- WORK REQUIRED: As soon as the line containing "line L0 (57.5, 20) -> (57.5, 30.5)" appears in the material below, start returning lines exactly, and end with the line containing "line L4 (-26.25, 16.9184)".

- MATERIAL SHOWN:
----------
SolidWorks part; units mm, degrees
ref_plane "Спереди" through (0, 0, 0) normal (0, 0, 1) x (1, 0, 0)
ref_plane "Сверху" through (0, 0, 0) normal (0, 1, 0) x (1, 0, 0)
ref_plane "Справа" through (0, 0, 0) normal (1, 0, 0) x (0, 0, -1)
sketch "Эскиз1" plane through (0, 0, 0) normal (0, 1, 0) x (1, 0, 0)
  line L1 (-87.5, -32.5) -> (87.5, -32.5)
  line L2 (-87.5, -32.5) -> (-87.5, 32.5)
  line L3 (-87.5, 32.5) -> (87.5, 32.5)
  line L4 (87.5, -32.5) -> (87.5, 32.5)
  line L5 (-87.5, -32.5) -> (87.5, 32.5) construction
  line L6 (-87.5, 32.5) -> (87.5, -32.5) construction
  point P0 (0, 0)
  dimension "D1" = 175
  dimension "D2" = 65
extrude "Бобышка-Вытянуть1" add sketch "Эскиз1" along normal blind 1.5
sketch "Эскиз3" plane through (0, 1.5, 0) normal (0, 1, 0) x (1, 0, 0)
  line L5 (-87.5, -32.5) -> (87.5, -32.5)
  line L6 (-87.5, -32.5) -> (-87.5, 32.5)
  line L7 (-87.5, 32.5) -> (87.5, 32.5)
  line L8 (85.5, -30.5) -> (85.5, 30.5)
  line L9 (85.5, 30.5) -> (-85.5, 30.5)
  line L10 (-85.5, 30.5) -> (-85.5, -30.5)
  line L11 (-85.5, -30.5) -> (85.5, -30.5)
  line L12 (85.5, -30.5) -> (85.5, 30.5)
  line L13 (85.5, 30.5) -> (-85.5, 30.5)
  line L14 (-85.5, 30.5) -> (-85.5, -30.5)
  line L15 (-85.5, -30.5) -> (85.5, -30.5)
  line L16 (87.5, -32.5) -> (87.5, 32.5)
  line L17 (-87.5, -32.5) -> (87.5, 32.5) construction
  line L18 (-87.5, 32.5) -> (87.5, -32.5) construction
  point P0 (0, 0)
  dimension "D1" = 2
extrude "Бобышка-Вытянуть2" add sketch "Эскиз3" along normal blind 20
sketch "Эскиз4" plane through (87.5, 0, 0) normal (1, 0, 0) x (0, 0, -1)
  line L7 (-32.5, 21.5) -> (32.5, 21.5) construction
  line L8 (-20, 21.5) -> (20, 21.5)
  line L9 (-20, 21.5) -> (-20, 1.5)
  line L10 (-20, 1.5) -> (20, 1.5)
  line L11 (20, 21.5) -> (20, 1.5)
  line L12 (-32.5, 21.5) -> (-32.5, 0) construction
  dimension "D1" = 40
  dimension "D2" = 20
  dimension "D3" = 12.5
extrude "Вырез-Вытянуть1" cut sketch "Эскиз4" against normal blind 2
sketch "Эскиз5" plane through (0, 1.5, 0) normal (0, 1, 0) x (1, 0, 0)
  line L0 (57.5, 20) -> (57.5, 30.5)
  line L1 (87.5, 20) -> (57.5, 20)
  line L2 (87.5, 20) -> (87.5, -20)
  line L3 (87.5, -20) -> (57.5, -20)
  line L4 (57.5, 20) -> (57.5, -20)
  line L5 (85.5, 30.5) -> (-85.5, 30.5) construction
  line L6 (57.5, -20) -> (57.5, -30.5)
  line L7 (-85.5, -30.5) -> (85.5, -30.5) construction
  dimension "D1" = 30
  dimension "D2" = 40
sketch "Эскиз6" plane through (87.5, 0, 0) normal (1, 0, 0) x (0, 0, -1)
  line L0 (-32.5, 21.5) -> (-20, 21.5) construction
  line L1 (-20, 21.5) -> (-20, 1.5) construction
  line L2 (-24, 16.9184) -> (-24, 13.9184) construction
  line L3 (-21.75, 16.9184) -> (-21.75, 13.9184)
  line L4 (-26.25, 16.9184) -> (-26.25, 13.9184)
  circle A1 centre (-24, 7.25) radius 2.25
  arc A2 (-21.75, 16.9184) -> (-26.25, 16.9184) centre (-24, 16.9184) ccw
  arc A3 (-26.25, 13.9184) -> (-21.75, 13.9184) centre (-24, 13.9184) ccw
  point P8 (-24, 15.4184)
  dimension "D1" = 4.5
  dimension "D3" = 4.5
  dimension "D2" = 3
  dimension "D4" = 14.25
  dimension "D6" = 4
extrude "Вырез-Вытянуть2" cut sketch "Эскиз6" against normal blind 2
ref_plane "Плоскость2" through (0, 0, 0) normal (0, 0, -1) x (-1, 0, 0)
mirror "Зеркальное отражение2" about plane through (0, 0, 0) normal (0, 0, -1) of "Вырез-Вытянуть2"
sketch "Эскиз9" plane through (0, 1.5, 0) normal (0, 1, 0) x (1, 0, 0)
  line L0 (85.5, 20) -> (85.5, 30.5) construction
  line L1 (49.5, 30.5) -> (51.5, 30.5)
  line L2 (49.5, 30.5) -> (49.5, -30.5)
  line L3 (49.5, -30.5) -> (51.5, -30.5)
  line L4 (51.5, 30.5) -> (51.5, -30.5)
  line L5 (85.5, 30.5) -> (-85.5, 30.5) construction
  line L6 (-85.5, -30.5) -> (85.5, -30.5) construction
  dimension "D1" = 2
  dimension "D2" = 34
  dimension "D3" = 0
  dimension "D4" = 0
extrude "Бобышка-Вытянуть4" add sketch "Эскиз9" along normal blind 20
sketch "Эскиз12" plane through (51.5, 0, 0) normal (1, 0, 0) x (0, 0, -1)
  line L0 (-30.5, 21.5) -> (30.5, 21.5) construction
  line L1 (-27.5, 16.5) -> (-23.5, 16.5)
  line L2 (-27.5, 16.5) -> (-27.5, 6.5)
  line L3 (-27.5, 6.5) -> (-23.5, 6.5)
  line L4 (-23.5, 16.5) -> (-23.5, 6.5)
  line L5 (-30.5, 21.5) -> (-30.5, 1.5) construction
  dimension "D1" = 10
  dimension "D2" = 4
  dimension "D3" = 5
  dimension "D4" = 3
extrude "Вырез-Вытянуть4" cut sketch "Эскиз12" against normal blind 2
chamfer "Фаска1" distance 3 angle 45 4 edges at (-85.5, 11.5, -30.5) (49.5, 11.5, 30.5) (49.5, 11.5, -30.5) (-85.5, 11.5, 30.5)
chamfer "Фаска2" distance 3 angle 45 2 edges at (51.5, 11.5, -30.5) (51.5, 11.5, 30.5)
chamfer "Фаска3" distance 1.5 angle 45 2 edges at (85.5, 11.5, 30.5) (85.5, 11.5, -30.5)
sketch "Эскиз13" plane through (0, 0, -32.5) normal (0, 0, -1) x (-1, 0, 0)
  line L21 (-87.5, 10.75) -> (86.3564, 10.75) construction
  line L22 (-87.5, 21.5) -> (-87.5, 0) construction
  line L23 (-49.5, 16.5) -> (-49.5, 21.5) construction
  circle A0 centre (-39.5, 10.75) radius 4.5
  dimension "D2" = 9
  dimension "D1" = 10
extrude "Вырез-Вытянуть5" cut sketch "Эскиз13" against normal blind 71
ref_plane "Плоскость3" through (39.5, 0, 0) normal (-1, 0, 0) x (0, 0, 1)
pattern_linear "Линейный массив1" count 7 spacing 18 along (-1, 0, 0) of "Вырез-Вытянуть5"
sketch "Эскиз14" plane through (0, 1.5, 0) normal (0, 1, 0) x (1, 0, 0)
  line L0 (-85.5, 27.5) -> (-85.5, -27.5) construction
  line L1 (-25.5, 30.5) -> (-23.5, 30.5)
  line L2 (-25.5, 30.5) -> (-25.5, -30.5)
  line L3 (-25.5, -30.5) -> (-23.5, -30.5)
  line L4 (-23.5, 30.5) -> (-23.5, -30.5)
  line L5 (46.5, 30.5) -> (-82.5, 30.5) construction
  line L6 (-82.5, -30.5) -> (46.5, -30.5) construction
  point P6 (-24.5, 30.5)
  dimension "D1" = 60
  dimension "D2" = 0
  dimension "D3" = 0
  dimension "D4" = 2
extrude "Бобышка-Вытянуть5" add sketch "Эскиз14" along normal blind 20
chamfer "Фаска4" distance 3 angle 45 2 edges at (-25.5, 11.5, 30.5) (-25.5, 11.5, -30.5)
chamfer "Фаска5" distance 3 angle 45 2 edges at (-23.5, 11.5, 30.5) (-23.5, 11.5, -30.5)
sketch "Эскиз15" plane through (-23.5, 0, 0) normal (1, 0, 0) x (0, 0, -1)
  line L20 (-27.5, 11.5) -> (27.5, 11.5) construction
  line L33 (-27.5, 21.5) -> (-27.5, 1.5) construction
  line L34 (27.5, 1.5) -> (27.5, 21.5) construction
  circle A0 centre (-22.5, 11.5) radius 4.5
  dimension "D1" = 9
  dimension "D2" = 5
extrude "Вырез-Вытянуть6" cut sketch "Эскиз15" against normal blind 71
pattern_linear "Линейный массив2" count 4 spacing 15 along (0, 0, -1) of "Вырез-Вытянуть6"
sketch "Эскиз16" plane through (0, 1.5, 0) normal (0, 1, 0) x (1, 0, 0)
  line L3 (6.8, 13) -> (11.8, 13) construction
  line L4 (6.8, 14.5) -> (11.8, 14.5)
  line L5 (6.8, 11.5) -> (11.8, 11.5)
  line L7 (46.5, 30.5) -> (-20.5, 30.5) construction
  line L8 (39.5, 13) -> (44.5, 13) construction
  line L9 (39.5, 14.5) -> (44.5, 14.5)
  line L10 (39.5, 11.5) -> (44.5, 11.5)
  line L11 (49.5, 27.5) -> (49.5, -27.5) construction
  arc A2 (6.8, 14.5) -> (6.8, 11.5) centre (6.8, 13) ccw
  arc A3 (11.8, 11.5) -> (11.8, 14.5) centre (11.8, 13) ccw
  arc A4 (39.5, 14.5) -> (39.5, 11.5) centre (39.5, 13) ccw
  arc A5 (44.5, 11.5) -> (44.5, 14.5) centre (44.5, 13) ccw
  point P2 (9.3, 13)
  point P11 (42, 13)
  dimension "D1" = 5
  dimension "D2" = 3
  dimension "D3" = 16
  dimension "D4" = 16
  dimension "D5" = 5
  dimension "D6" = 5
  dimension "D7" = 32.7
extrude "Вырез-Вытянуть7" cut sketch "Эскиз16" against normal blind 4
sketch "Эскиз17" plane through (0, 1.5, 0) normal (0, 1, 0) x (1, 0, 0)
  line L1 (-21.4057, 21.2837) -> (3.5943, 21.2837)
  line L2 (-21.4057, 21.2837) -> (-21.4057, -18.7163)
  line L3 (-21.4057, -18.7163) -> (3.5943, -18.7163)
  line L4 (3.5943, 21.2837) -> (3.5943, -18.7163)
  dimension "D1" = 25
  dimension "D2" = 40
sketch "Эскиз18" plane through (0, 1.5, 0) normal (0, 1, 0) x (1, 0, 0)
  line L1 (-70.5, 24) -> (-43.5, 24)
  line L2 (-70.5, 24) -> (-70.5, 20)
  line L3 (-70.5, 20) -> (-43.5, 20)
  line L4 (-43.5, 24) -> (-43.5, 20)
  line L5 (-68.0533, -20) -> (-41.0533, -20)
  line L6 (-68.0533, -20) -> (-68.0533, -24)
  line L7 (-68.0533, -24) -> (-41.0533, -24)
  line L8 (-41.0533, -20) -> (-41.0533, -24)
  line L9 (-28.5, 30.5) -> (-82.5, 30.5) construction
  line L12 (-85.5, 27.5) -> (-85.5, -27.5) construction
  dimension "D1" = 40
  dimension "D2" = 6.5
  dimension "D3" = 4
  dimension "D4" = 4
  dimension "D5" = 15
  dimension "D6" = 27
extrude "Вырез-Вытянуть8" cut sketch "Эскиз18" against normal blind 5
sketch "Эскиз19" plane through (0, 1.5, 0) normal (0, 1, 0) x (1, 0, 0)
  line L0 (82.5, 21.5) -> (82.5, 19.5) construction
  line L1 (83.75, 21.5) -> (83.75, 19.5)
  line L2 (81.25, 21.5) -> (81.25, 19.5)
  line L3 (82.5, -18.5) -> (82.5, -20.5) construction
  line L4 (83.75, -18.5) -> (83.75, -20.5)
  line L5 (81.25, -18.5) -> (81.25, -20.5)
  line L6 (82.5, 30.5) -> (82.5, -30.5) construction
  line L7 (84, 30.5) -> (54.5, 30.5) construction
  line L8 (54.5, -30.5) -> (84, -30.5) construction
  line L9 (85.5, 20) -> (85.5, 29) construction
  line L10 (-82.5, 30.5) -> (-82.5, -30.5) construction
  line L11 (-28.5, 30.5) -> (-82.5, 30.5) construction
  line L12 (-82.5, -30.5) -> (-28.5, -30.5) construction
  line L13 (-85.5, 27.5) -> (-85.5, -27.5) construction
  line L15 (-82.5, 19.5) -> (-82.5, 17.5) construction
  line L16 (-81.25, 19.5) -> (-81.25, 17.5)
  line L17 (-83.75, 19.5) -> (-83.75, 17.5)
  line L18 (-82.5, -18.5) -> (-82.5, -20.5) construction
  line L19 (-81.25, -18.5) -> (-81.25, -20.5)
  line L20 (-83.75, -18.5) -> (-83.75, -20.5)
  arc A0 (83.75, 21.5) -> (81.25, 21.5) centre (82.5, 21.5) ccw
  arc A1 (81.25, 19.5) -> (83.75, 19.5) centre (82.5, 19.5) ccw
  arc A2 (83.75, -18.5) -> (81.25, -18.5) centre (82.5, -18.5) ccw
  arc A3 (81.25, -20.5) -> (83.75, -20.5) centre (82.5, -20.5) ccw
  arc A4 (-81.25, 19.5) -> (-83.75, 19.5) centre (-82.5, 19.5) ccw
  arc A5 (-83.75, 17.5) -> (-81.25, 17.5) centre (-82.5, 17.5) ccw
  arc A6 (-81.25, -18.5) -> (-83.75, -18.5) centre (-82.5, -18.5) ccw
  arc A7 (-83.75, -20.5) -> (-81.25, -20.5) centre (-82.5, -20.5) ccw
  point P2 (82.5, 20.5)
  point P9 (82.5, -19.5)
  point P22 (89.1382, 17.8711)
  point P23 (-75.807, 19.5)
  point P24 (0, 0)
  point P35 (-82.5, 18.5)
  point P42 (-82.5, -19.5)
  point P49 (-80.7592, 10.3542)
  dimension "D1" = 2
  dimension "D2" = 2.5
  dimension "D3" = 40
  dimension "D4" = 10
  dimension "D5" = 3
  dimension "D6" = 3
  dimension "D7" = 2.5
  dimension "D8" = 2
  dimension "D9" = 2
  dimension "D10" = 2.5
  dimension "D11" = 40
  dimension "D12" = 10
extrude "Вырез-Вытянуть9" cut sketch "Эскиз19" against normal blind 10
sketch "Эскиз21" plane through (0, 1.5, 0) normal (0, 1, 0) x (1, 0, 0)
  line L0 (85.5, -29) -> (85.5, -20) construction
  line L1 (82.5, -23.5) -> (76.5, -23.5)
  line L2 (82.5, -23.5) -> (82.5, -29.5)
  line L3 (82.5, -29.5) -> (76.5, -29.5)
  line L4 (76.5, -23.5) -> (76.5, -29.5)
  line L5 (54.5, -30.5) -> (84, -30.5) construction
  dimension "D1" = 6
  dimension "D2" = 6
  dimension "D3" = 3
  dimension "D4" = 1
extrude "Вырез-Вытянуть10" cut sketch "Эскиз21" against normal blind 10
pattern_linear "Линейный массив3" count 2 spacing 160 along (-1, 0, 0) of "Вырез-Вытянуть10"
----------
- EXPECTED ANSWER:
  line L0 (57.5, 20) -> (57.5, 30.5)
  line L1 (87.5, 20) -> (57.5, 20)
  line L2 (87.5, 20) -> (87.5, -20)
  line L3 (87.5, -20) -> (57.5, -20)
  line L4 (57.5, 20) -> (57.5, -20)
  line L5 (85.5, 30.5) -> (-85.5, 30.5) construction
  line L6 (57.5, -20) -> (57.5, -30.5)
  line L7 (-85.5, -30.5) -> (85.5, -30.5) construction
  dimension "D1" = 30
  dimension "D2" = 40
sketch "Эскиз6" plane through (87.5, 0, 0) normal (1, 0, 0) x (0, 0, -1)
  line L0 (-32.5, 21.5) -> (-20, 21.5) construction
  line L1 (-20, 21.5) -> (-20, 1.5) construction
  line L2 (-24, 16.9184) -> (-24, 13.9184) construction
  line L3 (-21.75, 16.9184) -> (-21.75, 13.9184)
  line L4 (-26.25, 16.9184) -> (-26.25, 13.9184)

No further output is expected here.